My Collezioni sportscoat (2008 purchase) is made by Conf. di Matelica SpA.


----------



## video2 (Feb 11, 2008)

What about Vestimenta? Giorgio Armani black label and Vestimenta Hilton line. Is the quality the same or not? I FOUND VESTIMENTA HILTON SOMMER WOOL JACKET (BROWN 3B) FOR 200 EUROS. IS THIS PRICE O.K.?


----------



## thefancyman (Apr 24, 2009)

video2 said:


> What about Vestimenta? Giorgio Armani black label and Vestimenta Hilton line. Is the quality the same or not? I FOUND VESTIMENTA HILTON SOMMER WOOL JACKET (BROWN 3B) FOR 200 EUROS. IS THIS PRICE O.K.?


The quality of Armani Black Label and Vestimenta's own line is very similar. They are both half-canvessed with a chest pieces and machine made. They are similar in drape and silhouette and made in the same factory. One major difference is fabric types.
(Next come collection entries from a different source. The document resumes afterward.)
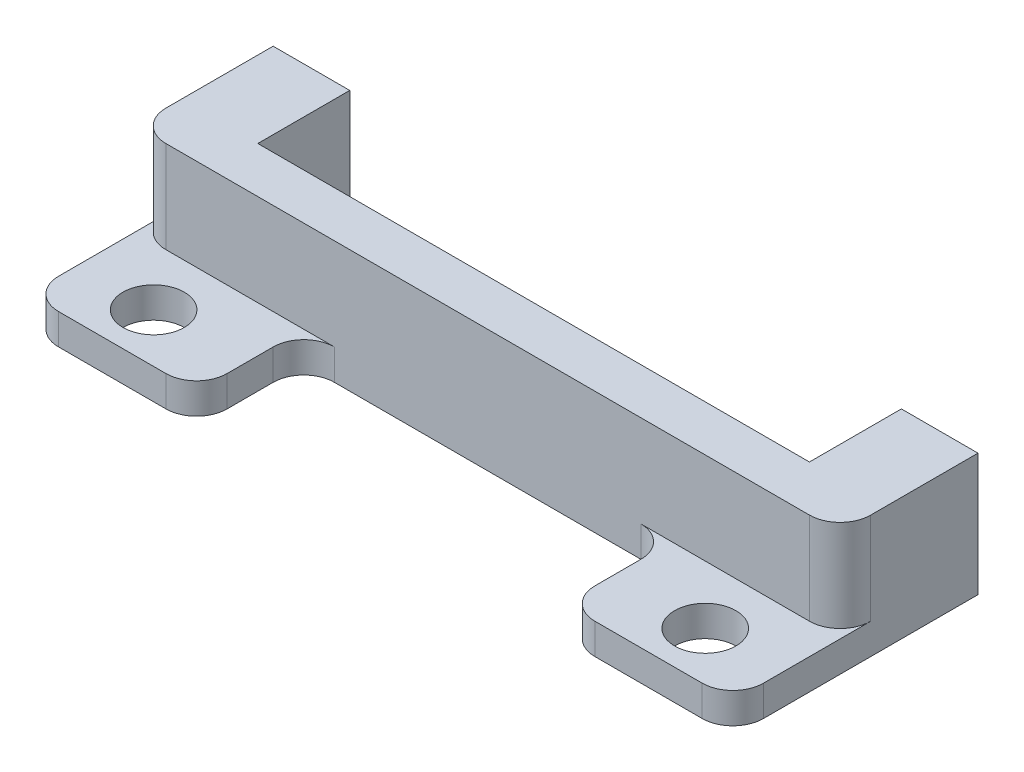
ISO-10303-21;
HEADER;
FILE_DESCRIPTION(('STEP AP214'),'2;1');
FILE_NAME('part.step','',(''),(''),'','','');
FILE_SCHEMA(('AUTOMOTIVE_DESIGN { 1 0 10303 214 1 1 1 1 }'));
ENDSEC;
DATA;
#1=APPLICATION_CONTEXT('core data for automotive mechanical design processes');
#2=APPLICATION_PROTOCOL_DEFINITION('international standard','automotive_design',2000,#1);
#3=PRODUCT_CONTEXT('',#1,'mechanical');
#4=PRODUCT('Part','Part','',(#3));
#5=PRODUCT_RELATED_PRODUCT_CATEGORY('part','',(#4));
#6=PRODUCT_DEFINITION_FORMATION('','',#4);
#7=PRODUCT_DEFINITION_CONTEXT('part definition',#1,'design');
#8=PRODUCT_DEFINITION('design','',#6,#7);
#9=PRODUCT_DEFINITION_SHAPE('','',#8);
#10=(LENGTH_UNIT() NAMED_UNIT(*) SI_UNIT(.MILLI.,.METRE.));
#11=(NAMED_UNIT(*) PLANE_ANGLE_UNIT() SI_UNIT($,.RADIAN.));
#12=(NAMED_UNIT(*) SI_UNIT($,.STERADIAN.) SOLID_ANGLE_UNIT());
#13=UNCERTAINTY_MEASURE_WITH_UNIT(LENGTH_MEASURE(1.E-05),#10,'distance_accuracy_value','');
#14=(GEOMETRIC_REPRESENTATION_CONTEXT(3) GLOBAL_UNCERTAINTY_ASSIGNED_CONTEXT((#13)) GLOBAL_UNIT_ASSIGNED_CONTEXT((#10,
#11,#12)) REPRESENTATION_CONTEXT('',''));
#15=CARTESIAN_POINT('',(0.,0.,0.));
#16=DIRECTION('',(0.,0.,1.));
#17=DIRECTION('',(1.,0.,0.));
#18=AXIS2_PLACEMENT_3D('',#15,#16,#17);
#19=CARTESIAN_POINT('',(0.,2.,0.));
#20=DIRECTION('',(0.,-1.,0.));
#21=DIRECTION('',(0.,0.,-1.));
#22=AXIS2_PLACEMENT_3D('',#19,#20,#21);
#23=PLANE('',#22);
#24=CARTESIAN_POINT('',(5.,2.,12.8));
#25=DIRECTION('',(0.,1.,0.));
#26=DIRECTION('',(0.,0.,1.));
#27=AXIS2_PLACEMENT_3D('',#24,#25,#26);
#28=CIRCLE('',#27,2.);
#29=CARTESIAN_POINT('',(5.,2.,14.8));
#30=VERTEX_POINT('',#29);
#31=EDGE_CURVE('E372',#30,#30,#28,.T.);
#32=ORIENTED_EDGE('',*,*,#31,.F.);
#33=EDGE_LOOP('',(#32));
#34=FACE_BOUND('',#33,.T.);
#35=DIRECTION('',(1.,0.,0.));
#36=VECTOR('',#35,1.);
#37=CARTESIAN_POINT('',(0.,2.,16.));
#38=LINE('',#37,#36);
#39=CARTESIAN_POINT('',(2.,2.,16.));
#40=VERTEX_POINT('',#39);
#41=CARTESIAN_POINT('',(9.,2.,16.));
#42=VERTEX_POINT('',#41);
#43=EDGE_CURVE('E238',#40,#42,#38,.T.);
#44=ORIENTED_EDGE('',*,*,#43,.T.);
#45=CARTESIAN_POINT('',(9.,2.,14.));
#46=DIRECTION('',(0.,-1.,0.));
#47=DIRECTION('',(0.,0.,-1.));
#48=AXIS2_PLACEMENT_3D('',#45,#46,#47);
#49=CIRCLE('',#48,2.);
#50=CARTESIAN_POINT('',(11.,2.,14.));
#51=VERTEX_POINT('',#50);
#52=EDGE_CURVE('E50',#42,#51,#49,.F.);
#53=ORIENTED_EDGE('',*,*,#52,.T.);
#54=DIRECTION('',(0.,0.,1.));
#55=VECTOR('',#54,1.);
#56=CARTESIAN_POINT('',(11.,2.,16.));
#57=LINE('',#56,#55);
#58=CARTESIAN_POINT('',(11.,2.,11.));
#59=VERTEX_POINT('',#58);
#60=EDGE_CURVE('E339',#59,#51,#57,.T.);
#61=ORIENTED_EDGE('',*,*,#60,.F.);
#62=CARTESIAN_POINT('',(13.,2.,11.));
#63=DIRECTION('',(0.,-1.,0.));
#64=DIRECTION('',(0.,0.,-1.));
#65=AXIS2_PLACEMENT_3D('',#62,#63,#64);
#66=CIRCLE('',#65,2.);
#67=CARTESIAN_POINT('',(13.,2.,9.));
#68=VERTEX_POINT('',#67);
#69=EDGE_CURVE('E43',#59,#68,#66,.T.);
#70=ORIENTED_EDGE('',*,*,#69,.T.);
#71=DIRECTION('',(1.,0.,0.));
#72=VECTOR('',#71,1.);
#73=CARTESIAN_POINT('',(0.,2.,9.));
#74=LINE('',#73,#72);
#75=CARTESIAN_POINT('',(2.,2.,9.));
#76=VERTEX_POINT('',#75);
#77=EDGE_CURVE('E229',#76,#68,#74,.T.);
#78=ORIENTED_EDGE('',*,*,#77,.F.);
#79=CARTESIAN_POINT('',(2.,2.,7.));
#80=DIRECTION('',(0.,-1.,0.));
#81=DIRECTION('',(0.,0.,-1.));
#82=AXIS2_PLACEMENT_3D('',#79,#80,#81);
#83=CIRCLE('',#82,2.);
#84=CARTESIAN_POINT('',(0.,2.,7.));
#85=VERTEX_POINT('',#84);
#86=EDGE_CURVE('E301',#76,#85,#83,.T.);
#87=ORIENTED_EDGE('',*,*,#86,.T.);
#88=DIRECTION('',(0.,0.,1.));
#89=VECTOR('',#88,1.);
#90=CARTESIAN_POINT('',(0.,2.,16.));
#91=LINE('',#90,#89);
#92=CARTESIAN_POINT('',(0.,2.,14.));
#93=VERTEX_POINT('',#92);
#94=EDGE_CURVE('E233',#85,#93,#91,.T.);
#95=ORIENTED_EDGE('',*,*,#94,.T.);
#96=CARTESIAN_POINT('',(2.,2.,14.));
#97=DIRECTION('',(0.,-1.,0.));
#98=DIRECTION('',(0.,0.,-1.));
#99=AXIS2_PLACEMENT_3D('',#96,#97,#98);
#100=CIRCLE('',#99,2.);
#101=EDGE_CURVE('E287',#93,#40,#100,.F.);
#102=ORIENTED_EDGE('',*,*,#101,.T.);
#103=EDGE_LOOP('',(#44,#53,#61,#70,#78,#87,#95,#102));
#104=FACE_BOUND('',#103,.T.);
#105=ADVANCED_FACE('F35',(#34,#104),#23,.F.);
#106=CARTESIAN_POINT('',(0.,2.,16.));
#107=DIRECTION('',(0.,0.,-1.));
#108=DIRECTION('',(-1.,0.,0.));
#109=AXIS2_PLACEMENT_3D('',#106,#107,#108);
#110=PLANE('',#109);
#111=DIRECTION('',(1.,0.,0.));
#112=VECTOR('',#111,1.);
#113=CARTESIAN_POINT('',(0.,0.,16.));
#114=LINE('',#113,#112);
#115=CARTESIAN_POINT('',(2.,0.,16.));
#116=VERTEX_POINT('',#115);
#117=CARTESIAN_POINT('',(9.,0.,16.));
#118=VERTEX_POINT('',#117);
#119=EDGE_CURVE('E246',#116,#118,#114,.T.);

Armani uses a lot of synthetic bends and a wool crepe, but Vestimenta utilizes a worsted wool that is many times in the super 120s-140s. 200 euros seems a bit pricey for just a jacket but if you like it then go ahead and buy it. I know a suit retails for $800 in the US, or about 575 euros.


----------



## video2 (Feb 11, 2008)

thefancyman said:


> The quality of Armani Black Label and Vestimenta's own line is very similar. They are both half-canvessed with a chest pieces and machine made. They are similar in drape and silhouette and made in the same factory. One major difference is fabric types. Armani uses a lot of synthetic bends and a wool crepe, but Vestimenta utilizes a worsted wool that is many times in the super 120s-140s. 200 euros seems a bit pricey for just a jacket but if you like it then go ahead and buy it. I know a suit retails for $800 in the US, or about 575 euros.


Thank you


----------



## Jovan (Mar 7, 2006)

Both lines look utterly boring to me, personally. Way too expensive for what you get.


----------



## Scoundrel (Oct 30, 2007)

Apparently, brand name eludes you.

I denounce anyone who says they still manufacture baggy suits (unless bespoken).


----------



## Jovan (Mar 7, 2006)

No offence if you like them, but all I've seen from them recently (including the MTM worn by Bale in _The Dark Knight_) still conjures up images of Wall Street yuppies from the '80s, including some of the gaudy fabrics. I'm not saying their suits are still baggy, but they just don't look that special to me, especially at Mr. Armani's asking prices. I'd rather go to one of the other Italian makers.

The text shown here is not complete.